Magnetic chains of Fe clusters in {Fe3 YO2} butterfly molecules

Abstract

Clusters in molecules with transition metals M and rare earths Ln can show single molecule magnet (SMM) behaviour. While M provides most of the cluster magnetization, Ln metals generate an enhanced magnetic anisotropy via the intracluster M-Ln interactions. The use of Y as a non-magnetic substitution for Ln in isostructural compounds provides a way to explore possible interactions between the transition metals.

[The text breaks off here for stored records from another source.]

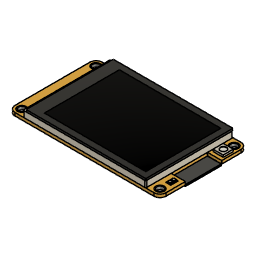
Console Enclosure Prototype v14 (Autodesk Fusion 360 archive; units mm, degrees)
design "ESP32-2432S024 Display"
Autodesk Fusion 360 part; units mm, degrees
note: some values were not read from the file. Chosen so that the rebuilt part matches the saved one: which bodies a step acts on. Set by a fixed rule: which sketch regions a step uses.
sketch "Sketch1" plane through (0, 0, 0) normal (0, 0, 1) x (1, 0, 0)
  line L0 (34, 18.25) -> (-34, 18.25)
  line L1 (-34, 18.25) -> (-34, -18.25)
  line L2 (-34, -18.25) -> (34, -18.25)
  line L3 (34, -18.25) -> (34, 18.25)
  line L4 (34, 18.25) -> (-34, -18.25) construction
  line L5 (-34, 18.25) -> (34, -18.25) construction
  line L6 (37.2, -18.45) -> (37.2, 18.45)
  line L7 (34.2, 21.45) -> (-34.2, 21.45)
  line L8 (-37.2, 18.45) -> (-37.2, -18.45)
  line L9 (-34.2, -21.45) -> (34.2, -21.45)
  circle A0 centre (-34, -18.25) radius 1.6
  circle A1 centre (-34, 18.25) radius 1.6
  circle A2 centre (34, 18.25) radius 1.6
  circle A3 centre (34, -18.25) radius 1.6
  arc A4 (37.2, 18.45) -> (34.2, 21.45) centre (34.2, 18.45) ccw
  arc A5 (34.2, -21.45) -> (37.2, -18.45) centre (34.2, -18.45) ccw
  arc A6 (-37.2, -18.45) -> (-34.2, -21.45) centre (-34.2, -18.45) ccw
  arc A7 (-34.2, 21.45) -> (-37.2, 18.45) centre (-34.2, 18.45) ccw
  line L10 (-30.2, 21.45) -> (30.2, 21.45)
  line L11 (30.2, 21.45) -> (30.2, -21.45)
  line L12 (30.2, -21.45) -> (-30.2, -21.45)
  line L13 (-30.2, -21.45) -> (-30.2, 21.45)
  circle A8 centre (34, 18.25) radius 2.1
  circle A9 centre (34, -18.25) radius 2.1
  circle A10 centre (-34, 18.25) radius 2.1
  circle A11 centre (-34, -18.25) radius 2.1
  line L14 (30.2, 8.95) -> (37.2, 8.95)
  line L15 (37.2, 8.95) -> (37.2, -8.95)
  line L16 (37.2, -8.95) -> (30.2, -8.95)
  line L17 (30.2, -8.95) -> (30.2, 8.95)
  line L18 (32.695, -10.45) -> (35.1716, -10.45)
  line L19 (35.1716, -10.45) -> (35.1716, -14.15)
  line L20 (35.1716, -14.15) -> (32.695, -14.15)
  line L21 (32.695, -14.15) -> (32.695, -10.45)
  line L22 (33.2332, -10.55) -> (34.6279, -10.55)
  line L23 (34.6279, -10.55) -> (34.6279, -12.05)
  line L24 (34.6279, -12.05) -> (33.2332, -12.05)
  line L25 (33.2332, -12.05) -> (33.2332, -10.55)
  line L26 (33.2332, -12.55) -> (34.6279, -12.55)
  line L27 (34.6279, -12.55) -> (34.6279, -14.05)
  line L28 (34.6279, -14.05) -> (33.2332, -14.05)
  line L29 (33.2332, -14.05) -> (33.2332, -12.55)
  line L30 (32.695, -12.3) -> (35.1716, -12.3)
  dimension "d1" = 68
  dimension "d2" = 36.5
  dimension "d4" = 3.2
  dimension "d5" = 3.2
  dimension "d6" = 3.2
  dimension "d7" = 3.2
  dimension "d8" = 3
  dimension "d9" = 7
  dimension "d10" = 7
  dimension "d11" = 0.5
  dimension "d12" = 0.5
  dimension "d13" = 0.5
  dimension "d14" = 0.5
  dimension "d35" = 12.5
  dimension "d36" = 12.5
  dimension "d41" = 4.1
  dimension "d42" = 1.5
  dimension "d43" = 0.1
  dimension "d44" = 0.1
  dimension "d45" = 0.25
  dimension "d46" = 0.25
  constraint horizontal L0
  constraint perpendicular L0 L1
  constraint parallel L0 L2
  constraint parallel L1 L3
  constraint coincident L4 origin
  constraint coincident L5 origin
  constraint coincident L1.end L2.start
  constraint coincident L0.end L1.start
  constraint coincident L0.start L3.end
  constraint coincident L2.end L3.start
  constraint tangent L6 A4
  constraint tangent L7 A4
  constraint tangent L6 A5
  constraint tangent L9 A5
  constraint equal A4 A5
  constraint tangent L8 A6
  constraint tangent L9 A6
  constraint equal A4 A6
  constraint tangent L7 A7
  constraint tangent L8 A7
  constraint equal A4 A7
  constraint horizontal L10
  constraint vertical L11
  constraint horizontal L12
  constraint vertical L13
  constraint coincident L9 L11.end
  constraint coincident L7 L10.start
  constraint horizontal L14
  constraint vertical L15
  constraint horizontal L16
  constraint vertical L17
  constraint coincident L6 L15.end
  constraint coincident L11 L14.start
  constraint horizontal L18
  constraint vertical L19
  constraint horizontal L20
  constraint vertical L21
  constraint horizontal L22
  constraint vertical L23
  constraint horizontal L24
  constraint vertical L25
  constraint horizontal L26
  constraint vertical L27
  constraint horizontal L28
  constraint vertical L29
  constraint midpoint L21 L30.start
  constraint midpoint L19 L30.end
  measures "d1" distance of L1.end L2.end
  measures "d2" distance of L0.end L1.end
  measures "d4" diameter of A0
  measures "d5" diameter of A1
  measures "d6" diameter of A2
  measures "d7" diameter of A3
  measures "d8" radius of A4
  measures "d9" distance of L6 L11
  measures "d10" distance of L8 L13
  measures "d35" distance of L7 L14
  measures "d36" distance of L9 L16
  measures "d41" distance of L2.end L20
  measures "d42" distance of L16 L18
  measures "d43" distance of L18 L22
  measures "d44" distance of L20 L28
  measures "d45" distance of L26 L30
  measures "d46" distance of L24 L30
extrude "Extrude1" add sketch "Sketch1" along normal blind 1.5 contours L0 L1 A1 A10 | L0 L1 L2 L7 L8 L9 A6 A7 L13 A10 A11 | L0 L1 A1 A10 | L0 L1 L2 L13 A10 A11 | L0 L7 L10 L11 L13 | L0 L2 L11 L13 L17 | L0 L3 L6 L7 A4 L11 A8 L14 | L0 L3 L11 A8 L14 | L2 L9 L11 L12 L13 | L1 L2 A0 A11 | L1 L2 A0 A11 | L0 L3 A2 A8 | L0 L3 A2 A8 | L3 L11 L14 L16 L17 | L2 L3 L11 A9 L16 L18 L20 L21 | L2 L3 L6 L9 A5 L11 A9 L16 L18 L19 L20 | L3 L6 L14 L15 L16 | L2 L3 A3 A9 | L2 L3 A3 A9 | L3 L18 L19 L22 L23 L24 L30 | L3 L18 L21 L22 L24 L25 L30 | L3 L20 L21 L26 L28 L29 L30 | L3 L19 L20 L26 L27 L28 L30 | L3 L22 L23 L24 | L3 L22 L24 L25 | L3 L26 L28 L29 | L3 L26 L27 L28 makes body 1
split "Split1" by curves path "Sketch1" along A11 A8 A9 A10 bodies 1 makes body 2 at (-10.7027, -5.7796, 0) makes body 3 at (32.402, -18.3298, 0.5) makes body 4 at (34.934, 19.5491, 1) makes body 5 at (-34, 19.85, 1)
sketch "Sketch2" plane through (0, 0, 1.5) normal (0, 0, 1) x (-1, 0, 0)
  circle A0 centre (34, -18.25) radius 2.1
  circle A1 centre (-34, -18.25) radius 2.1
  circle A2 centre (34, 18.25) radius 2.1
  circle A3 centre (-34, 18.25) radius 2.1
  arc A4 (-34.2, 21.45) -> (-37.2, 18.45) centre (-34.2, 18.45) ccw
  line L0 (-37.2, 18.45) -> (-37.2, -18.45)
  arc A5 (-37.2, -18.45) -> (-34.2, -21.45) centre (-34.2, -18.45) ccw
  line L1 (-34.2, -21.45) -> (34.2, -21.45)
  arc A6 (34.2, -21.45) -> (37.2, -18.45) centre (34.2, -18.45) ccw
  line L2 (37.2, -18.45) -> (37.2, 18.45)
  arc A7 (37.2, 18.45) -> (34.2, 21.45) centre (34.2, 18.45) ccw
  line L3 (34.2, 21.45) -> (-34.2, 21.45)
sketch "Sketch1 (2)" plane through (0, 0, 1.5) normal (0, 0, 1) x (-1, 0, 0) in component "Screen"
  line L0 (-34.2, -21.45) -> (34.2, -21.45)
  line L1 (-30.2, 21.45) -> (30.2, 21.45)
  line L2 (34.2, 21.45) -> (-34.2, 21.45)
  arc A0 (37.2, 18.45) -> (34.2, 21.45) centre (34.2, 18.45) ccw
  line L3 (37.2, -18.45) -> (37.2, 18.45)
  arc A1 (34.2, -21.45) -> (37.2, -18.45) centre (34.2, -18.45) ccw
  arc A2 (-37.2, -18.45) -> (-34.2, -21.45) centre (-34.2, -18.45) ccw
  line L4 (-37.2, 18.45) -> (-37.2, -18.45)
  arc A3 (-34.2, 21.45) -> (-37.2, 18.45) centre (-34.2, 18.45) ccw
  line L5 (30.2, -21.45) -> (-30.2, -21.45)
  line L6 (-30.2, -21.45) -> (-30.2, 21.45)
  line L7 (-30.2, 21.45) -> (30.2, 21.45)
  line L8 (30.2, 21.45) -> (30.2, -21.45)
  line L9 (28.7, -21.45) -> (28.7, 21.45)
  dimension "d17" = 7
  dimension "d18" = 7
  dimension "d19" = 1.5
  constraint horizontal L5
  constraint vertical L6
  constraint horizontal L7
  constraint vertical L8
  constraint coincident L1 L6.end
  constraint coincident L0 L5.start
  constraint coincident L5 L9.start
  constraint coincident L1 L9.end
  constraint perpendicular L1 L9
  measures "d17" distance of L4 L6
  measures "d18" distance of L3 L8
  measures "d19" distance of L8 L9
extrude "Extrude1'" add sketch "Sketch1 (2)" along normal blind 3 separate body contours L0 L1 L2 L5 L6 L7 L9 | L0 L1 L2 L5 L7 L8 L9 makes body 6 in component "Screen"
extrude "Extrude2" add sketch "Sketch1 (2)" along normal blind 1 from surface at 3 separate body contours L0 L1 L2 L5 L6 L7 L9 makes body 7 in component "Screen"
sketch "Sketch1 (3)" plane through (0, 0, 1.5) normal (0, 0, 1) x (-1, 0, 0) in component "RGB-LED"
  line L0 (-31.2, -15.65) -> (-36.2, -15.65)
  line L1 (-36.2, -15.65) -> (-36.2, -10.65)
  line L2 (-36.2, -10.65) -> (-31.2, -10.65)
  line L3 (-31.2, -10.65) -> (-31.2, -15.65)
  circle A0 centre (-34, -18.25) radius 2.1
  line L4 (-37.2, 18.45) -> (-37.2, -18.45)
  circle A1 centre (-33.7, -13.3) radius 1.5
  dimension "d25" = 5
  dimension "d26" = 5
  dimension "d27" = 2.6
  dimension "d28" = 1
  dimension "d29" = 3
  constraint horizontal L0
  constraint vertical L1
  constraint horizontal L2
  constraint vertical L3
  measures "d25" distance of L0.start L0.end
  measures "d26" distance of L0.start L2.end
  measures "d27" distance of L0 A0.centre
  measures "d28" distance of L1 L4
  measures "d29" diameter of A1
extrude "Extrude1''" add sketch "Sketch1 (3)" along normal blind 1 separate body contours L0 L1 L2 L3 | A1 makes body 8 in component "RGB-LED"
extrude "Extrude2'" cut sketch "Sketch1 (3)" against normal blind 0.2 from surface at 1 contours A1 bodies 8 in component "RGB-LED"
extrude "Extrude2''" cut sketch "Sketch1" along normal blind 3 contours L3 L11 L14 L16 L17 | L3 L6 L14 L15 L16 bodies 2
fillet "Fillet1" radius 0.1 4 edges at (37.2, 8.95, 0.75) (37.2, -8.95, 0.75) (30.2, -8.95, 0.75) (30.2, 8.95, 0.75) on bodies 2
split "Split4" by curves path "Sketch1" along L21 L18 L19 L20 bodies 2 makes body 9 at (-11.4433, 2.95, 0)
split "Split5" by curves path "Sketch1" along L29 L26 L27 L28 bodies 2 makes body 10 at (34.1648, -11.15, 0)
split "Split6" by curves path "Sketch1" along L25 L22 L23 L24 bodies 10 makes body 11 at (35.1716, -11.6833, 0.5)
sketch "Sketch1 (4)" plane through (0, 0, 1.5) normal (0, 0, 1) x (-1, 0, 0) in component "Resistor"
  line L0 (-33.2332, 12.05) -> (-33.2332, 10.55)
  line L1 (-33.2332, 10.55) -> (-34.6279, 10.55)
  line L2 (-34.6279, 10.55) -> (-34.6279, 12.05)
  line L3 (-34.6279, 12.05) -> (-33.2332, 12.05)
  line L4 (-33.2332, 14.05) -> (-33.2332, 12.55)
  line L5 (-33.2332, 12.55) -> (-34.6279, 12.55)
  line L6 (-34.6279, 12.55) -> (-34.6279, 14.05)
  line L7 (-34.6279, 14.05) -> (-33.2332, 14.05)
  line L8 (-32.695, 10.45) -> (-32.695, 14.15)
  line L9 (-32.695, 14.15) -> (-35.1716, 14.15)
  line L10 (-35.1716, 14.15) -> (-35.1716, 10.45)
  line L11 (-35.1716, 10.45) -> (-32.695, 10.45)
  line L12 (-33.2332, 10.75) -> (-34.6279, 10.75)
  line L13 (-34.6279, 10.75) -> (-34.6279, 13.85)
  line L14 (-34.6279, 13.85) -> (-33.2332, 13.85)
  line L15 (-33.2332, 13.85) -> (-33.2332, 10.75)
  line L16 (-34.6279, 14.05) -> (-33.2332, 14.05)
  line L17 (-33.2332, 10.55) -> (-34.6279, 10.55)
  dimension "d47" = 0.2
  dimension "d48" = 0.2
  constraint horizontal L12
  constraint vertical L13
  constraint horizontal L14
  constraint vertical L15
  constraint coincident L6 L13.end
  constraint coincident L0 L12.start
  measures "d47" distance of L14 L16
  measures "d48" distance of L12 L17
extrude "Extrude1'''" add sketch "Sketch1 (4)" along normal blind 0.5 separate body contours L0 L2 L3 L12 L13 L15 | L3 L5 L13 L15 | L4 L5 L6 L13 L14 L15 makes body 12 in component "Resistor"
split "Split1'" by curves path "Sketch1 (4)" along L7 L4 L5 L6 bodies 12 makes body 13 at (34.163, -11.6167, 1.5) in component "Resistor"
split "Split2" by curves path "Sketch1 (4)" along L1 L2 L3 L0 bodies 13 makes body 14 at (33.6981, -12.55, 1.6667) in component "Resistor"
fillet "Fillet1'" radius 0.05 8 edges at (33.9306, -13.85, 2) (33.2332, -13.2, 2) (34.6279, -13.2, 2) (33.2332, -11.4, 2) (33.9306, -10.75, 2) (34.6279, -11.4, 2) (33.2332, -12.3, 2) (34.6279, -12.3, 2) on bodies 12 13 14 in component "Resistor"
sketch "Sketch1 (5)" plane through (0, 0, 0) normal (0, 0, -1) x (1, 0, 0) in component "ESP32"
  line L0 (32.695, 10.45) -> (32.695, 14.15)
  line L1 (32.695, 14.15) -> (35.1716, 14.15)
  line L2 (35.1716, 14.15) -> (35.1716, 10.45)
  line L3 (35.1716, 10.45) -> (32.695, 10.45)
  arc A0 (37.1, 8.95) -> (37.2, 9.05) centre (37.1, 9.05) ccw
  line L4 (37.2, 9.05) -> (37.2, 18.45)
  arc A1 (37.2, 18.45) -> (34.2, 21.45) centre (34.2, 18.45) ccw
  line L5 (34.2, 21.45) -> (-34.2, 21.45)
  arc A2 (-34.2, 21.45) -> (-37.2, 18.45) centre (-34.2, 18.45) ccw
  line L6 (-37.2, 18.45) -> (-37.2, -18.45)
  arc A3 (-37.2, -18.45) -> (-34.2, -21.45) centre (-34.2, -18.45) ccw
  line L7 (-34.2, -21.45) -> (34.2, -21.45)
  arc A4 (34.2, -21.45) -> (37.2, -18.45) centre (34.2, -18.45) ccw
  line L8 (37.2, -18.45) -> (37.2, -9.05)
  arc A5 (37.2, -9.05) -> (37.1, -8.95) centre (37.1, -9.05) ccw
  line L9 (37.1, -8.95) -> (30.3, -8.95)
  arc A6 (30.2, -8.85) -> (30.3, -8.95) centre (30.3, -8.85) ccw
  line L10 (30.2, -8.85) -> (30.2, 8.85)
  arc A7 (30.3, 8.95) -> (30.2, 8.85) centre (30.3, 8.85) ccw
  line L11 (30.3, 8.95) -> (37.1, 8.95)
  circle A8 centre (-34, -18.25) radius 2.1
  circle A9 centre (34, -18.25) radius 2.1
  circle A10 centre (-34, 18.25) radius 2.1
  circle A11 centre (34, 18.25) radius 2.1
  line L12 (30.2, -8.85) -> (30.2, 8.85)
  line L13 (30.3, 8.95) -> (37.1, 8.95)
  line L14 (37.1, -8.95) -> (30.3, -8.95)
  line L15 (30.3, 8.95) -> (12.8, 8.95)
  line L16 (12.8, 8.95) -> (12.8, -8.95)
  line L17 (12.8, -8.95) -> (30.3, -8.95)
  line L18 (30.3, -8.95) -> (30.3, 8.95)
  line L19 (13.3, 8.45) -> (13.3, -8.45)
  line L20 (13.3, -8.45) -> (29.8, -8.45)
  line L21 (29.8, -8.45) -> (29.8, 8.45)
  line L22 (29.8, 8.45) -> (13.3, 8.45)
  line L23 (37.1, 8.95) -> (37.1, -8.95)
  line L24 (30.3, 8.85) -> (37, 8.85)
  line L25 (37, 8.85) -> (37, -8.85)
  line L26 (37, -8.85) -> (30.3, -8.85)
  dimension "d53" = 17.5
  dimension "d55" = 0.1
  constraint horizontal L15
  constraint vertical L16
  constraint horizontal L17
  constraint vertical L18
  constraint coincident A7.start L11.start
  constraint coincident A5.end L9.start
  constraint coincident L9.end A6.end
  constraint coincident A0.start L11.end
  measures "d53" distance of A7.start L15.end
extrude "Extrude1''''" add sketch "Sketch1 (5)" along normal blind 0.8 separate body contours L9 L11 L13 L14 L18 L23 L24 L25 L26 | A6 L10 A7 L12 L18 | A6 L10 A7 L12 L15 L16 L17 | L18 L24 L25 L26 | L19 L20 L21 L22 makes body 15 in component "ESP32"
extrude "Extrude2'''" add sketch "Sketch1 (5)" along normal blind 2 from surface at 0.8 separate body contours L19 L20 L21 L22 makes body 16 in component "ESP32"
fillet "Fillet1''" radius 0.1 16 edges at (24.95, 8.95, -0.8) (12.8, 0, -0.8) (37.1, 0, -0.8) (24.95, -8.95, -0.8) (37.1, 0, 0) (24.95, -8.95, 0) (37.1, -8.95, -0.4) (37.1, 8.95, -0.4) (12.8, 8.95, -0.4) (24.95, 8.95, 0) (12.8, 0, 0) (12.8, -8.95, -0.4) (21.55, 8.45, -2.8) (13.3, 0, -2.8) (21.55, -8.45, -2.8) (29.8, 0, -2.8) on bodies 15 16 in component "ESP32"
fillet "Fillet2" radius 0.1 8 edges at (13.3, -8.45, -1.75) (13.3293, -8.4207, -2.7707) (13.3, 8.45, -1.75) (13.3293, 8.4207, -2.7707) (29.8, -8.45, -1.75) (29.7707, -8.4207, -2.7707) (29.8, 8.45, -1.75) (29.7707, 8.4207, -2.7707) on bodies 16 in component "ESP32"
fillet "Fillet1'''" radius 0.5 4 edges at (-30.2, -21.45, 3) (-30.2, 21.45, 3) (30.2, 21.45, 3) (30.2, -21.45, 3) on bodies 6 7 in component "Screen"
fillet "Fillet1'''" radius 0.25 4 edges at (30.2, -21.45, 5) (-28.7, -21.45, 5) (-28.7, 21.45, 5) (30.2, 21.45, 5) on bodies 6 7 in component "Screen"
sketch "Sketch2 (2)" plane through (0, 0, 5.5) normal (0, 0, 1) x (-1, 0, 0) in component "Screen"
  arc A0 (-30.2, -21.2) -> (-29.95, -21.45) centre (-29.95, -21.2) ccw
  line L0 (-29.95, -21.45) -> (28.45, -21.45)
  arc A1 (28.45, -21.45) -> (28.7, -21.2) centre (28.45, -21.2) ccw
  line L1 (28.7, -21.2) -> (28.7, 21.2)
  arc A2 (28.7, 21.2) -> (28.45, 21.45) centre (28.45, 21.2) ccw
  line L2 (28.45, 21.45) -> (-29.95, 21.45)
  arc A3 (-29.95, 21.45) -> (-30.2, 21.2) centre (-29.95, 21.2) ccw
  line L3 (-30.2, 21.2) -> (-30.2, -21.2)
  line L4 (22.7, -18.45) -> (-27.2, -18.45)
  line L5 (-27.2, -18.45) -> (-27.2, 18.45)
  line L6 (-27.2, 18.45) -> (22.7, 18.45)
  line L7 (22.7, 18.45) -> (22.7, -18.45)
  line L8 (-30.2, -21.45) -> (-30.2, 21.45)
  line L9 (-30.2, 21.45) -> (30.2, 21.45)
  line L10 (30.2, -21.45) -> (-30.2, -21.45)
  line L11 (28.7, -21.45) -> (28.7, 21.45)
  dimension "d69" = 3
  dimension "d70" = 3
  dimension "d71" = 3
  dimension "d72" = 6
  constraint horizontal L4
  constraint vertical L5
  constraint horizontal L6
  constraint vertical L7
  measures "d69" distance of L5 L8
  measures "d70" distance of L6 L9
  measures "d71" distance of L4 L10
  measures "d72" distance of L7 L11
split "Split1''" by curves path "Sketch2 (2)" along L5 L6 L7 L4 bodies 7 makes body 17 at (-26.7, -6.15, 4.5) in component "Screen"
sketch "Sketch3" plane through (0, 0, 0) normal (0, 0, -1) x (1, 0, 0)
  line L0 (32.695, 10.45) -> (32.695, 14.15)
  line L1 (32.695, 14.15) -> (35.1716, 14.15)
  line L2 (35.1716, 14.15) -> (35.1716, 10.45)
  line L3 (35.1716, 10.45) -> (32.695, 10.45)
  arc A0 (37.1, 8.95) -> (37.2, 9.05) centre (37.1, 9.05) ccw
  line L4 (37.2, 9.05) -> (37.2, 18.45)
  arc A1 (37.2, 18.45) -> (34.2, 21.45) centre (34.2, 18.45) ccw
  line L5 (34.2, 21.45) -> (-34.2, 21.45)
  arc A2 (-34.2, 21.45) -> (-37.2, 18.45) centre (-34.2, 18.45) ccw
  line L6 (-37.2, 18.45) -> (-37.2, -18.45)
  arc A3 (-37.2, -18.45) -> (-34.2, -21.45) centre (-34.2, -18.45) ccw
  line L7 (-34.2, -21.45) -> (34.2, -21.45)
  arc A4 (34.2, -21.45) -> (37.2, -18.45) centre (34.2, -18.45) ccw
  line L8 (37.2, -18.45) -> (37.2, -9.05)
  arc A5 (37.2, -9.05) -> (37.1, -8.95) centre (37.1, -9.05) ccw
  line L9 (37.1, -8.95) -> (30.3, -8.95)
  arc A6 (30.2, -8.85) -> (30.3, -8.95) centre (30.3, -8.85) ccw
  line L10 (30.2, -8.85) -> (30.2, 8.85)
  arc A7 (30.3, 8.95) -> (30.2, 8.85) centre (30.3, 8.85) ccw
  line L11 (30.3, 8.95) -> (37.1, 8.95)
  circle A8 centre (-34, -18.25) radius 2.1
  circle A9 centre (34, -18.25) radius 2.1
  circle A10 centre (-34, 18.25) radius 2.1
  circle A11 centre (34, 18.25) radius 2.1
  line L12 (-37.2, -6.95) -> (-29.7, -6.95)
  line L13 (-29.7, -6.95) -> (-29.7, 2.05)
  line L14 (-29.7, 2.05) -> (-37.2, 2.05)
  line L15 (-37.2, 2.05) -> (-37.2, -6.95)
  point P0 (-30.2, -21.45)
  dimension "d73" = 9
  dimension "d74" = 7.5
  dimension "d75" = 14.5
  constraint horizontal L12
  constraint vertical L13
  constraint horizontal L14
  constraint vertical L15
  constraint coincident L6 L12.start
  measures "d73" distance of L12.end L13.end
  measures "d74" distance of L12.start L12.end
  measures "d75" distance of L12 P0
extrude "Extrude3" add sketch "Sketch3" along normal blind 3 separate body contours L6 L12 L13 L14 L15 makes body 18
fillet "Fillet2'" radius 1 4 edges at (-33.45, -2.05, -3) (-33.45, -2.05, 0) (-33.45, 6.95, -3) (-33.45, 6.95, 0) on bodies 18
sketch "Sketch4" plane through (-37.2, 0, 0) normal (-1, 0, 0) x (0, -1, 0)
  arc A0 (-5.95, 0) -> (-6.95, -1) centre (-5.95, -1) ccw
  line L0 (-6.95, -1) -> (-6.95, -2)
  arc A1 (-6.95, -2) -> (-5.95, -3) centre (-5.95, -2) ccw
  line L1 (-5.95, -3) -> (1.05, -3)
  arc A2 (1.05, -3) -> (2.05, -2) centre (1.05, -2) ccw
  line L2 (2.05, -2) -> (2.05, -1)
  arc A3 (2.05, -1) -> (1.05, 0) centre (1.05, -1) ccw
  line L3 (1.05, 0) -> (-5.95, 0)
  line L4 (1.75, -2) -> (1.75, -1)
  arc A4 (1.75, -1) -> (1.05, -0.3) centre (1.05, -1) ccw
  line L5 (1.05, -0.3) -> (-5.95, -0.3)
  arc A5 (-5.95, -0.3) -> (-6.65, -1) centre (-5.95, -1) ccw
  line L6 (-6.65, -1) -> (-6.65, -2)
  arc A6 (-6.65, -2) -> (-5.95, -2.7) centre (-5.95, -2) ccw
  line L7 (-5.95, -2.7) -> (1.05, -2.7)
  arc A7 (1.05, -2.7) -> (1.75, -2) centre (1.05, -2) ccw
  dimension "d80" = -0.3
extrude "Extrude4" cut sketch "Sketch4" against normal blind 7 contours L4 A4 L5 A5 L6 A6 L7 A7 bodies 18
sketch "Sketch5" plane through (-30.2, 0, 0) normal (-1, 0, 0) x (0, -1, 0)
  arc A0 (1.05, -2.7) -> (1.75, -2) centre (1.05, -2) ccw
  line L0 (1.75, -2) -> (1.75, -1)
  arc A1 (1.75, -1) -> (1.05, -0.3) centre (1.05, -1) ccw
  line L1 (1.05, -0.3) -> (-5.95, -0.3)
  arc A2 (-5.95, -0.3) -> (-6.65, -1) centre (-5.95, -1) ccw
  line L2 (-6.65, -1) -> (-6.65, -2)
  arc A3 (-6.65, -2) -> (-5.95, -2.7) centre (-5.95, -2) ccw
  line L3 (-5.95, -2.7) -> (1.05, -2.7)
  line L4 (1.05, -2) -> (-5.95, -2)
  line L5 (-5.95, -2) -> (-5.95, -1)
  line L6 (-5.95, -1) -> (1.05, -1)
  line L7 (1.05, -1) -> (1.05, -2)
  constraint horizontal L4
  constraint vertical L5
  constraint horizontal L6
  constraint vertical L7
  constraint coincident A2.centre L5.end
  constraint coincident A0.centre L4.start
extrude "Extrude5" add sketch "Sketch5" along normal up to surface (7 mm away) contours L4 L5 L6 L7 bodies 18
fillet "Fillet3" radius 0.5 4 edges at (-33.7, -1.05, -2) (-33.7, -1.05, -1) (-33.7, 5.95, -2) (-33.7, 5.95, -1) on bodies 18
component "Screen" placed x (1, 0, 0) y (0, 1, 0) z (0, 0, 1) at (0, 0, 0)
component "RGB-LED" placed x (1, 0, 0) y (0, 1, 0) z (0, 0, 1) at (0, 0, 0)
component "Resistor" placed x (1, 0, 0) y (0, 1, 0) z (0, 0, 1) at (0, 0, 0)
component "ESP32" placed x (1, 0, 0) y (0, 1, 0) z (0, 0, 1) at (0, 0, 0)
named bodies: "Rim1", "Resistorplate2", "Rim2", "Rim3", "Rim4", "Display-Lower", "Display-Screen", "Plate (1)", "Resistorplate", "Resistorplatform", "Display-Frame"

The >butterfly> molecule Fe3Y(μ3−O)2(CCl3COO)8(H2O)(THF)3 (in brief {Fe3YO2}) includes three close Fe3+ ions which build a robust Fe3 cluster with a strong intracluster antiferromagnetic exchange J = −50 K and a total spin S=5/2. We present heat capacity and DC susceptibility measurements below 2 K, which show the cluster anisotropy and intercluster interactions. However, no phase transition to a long-range magnetically ordered phase is observed down to 20 mK. The intercluster interaction is analysed in the framework of the one-dimensional Blume-Capel model with an antiferromagnetic chain exchange constant J '≈ −0.04 K, and a uniaxial anisotropy with parameter D ≈ −0.56 K. This is proposed to be associated to chains of Fe3 clusters oriented along the shortest intercluster distances displayed by the crystal structure of {Fe3YO2}. AC susceptibility measurements reveal magnetic relaxation below 5 K with quantum tunnelling of the magnetization below 0.2 K, and a thermally activated process for higher temperature.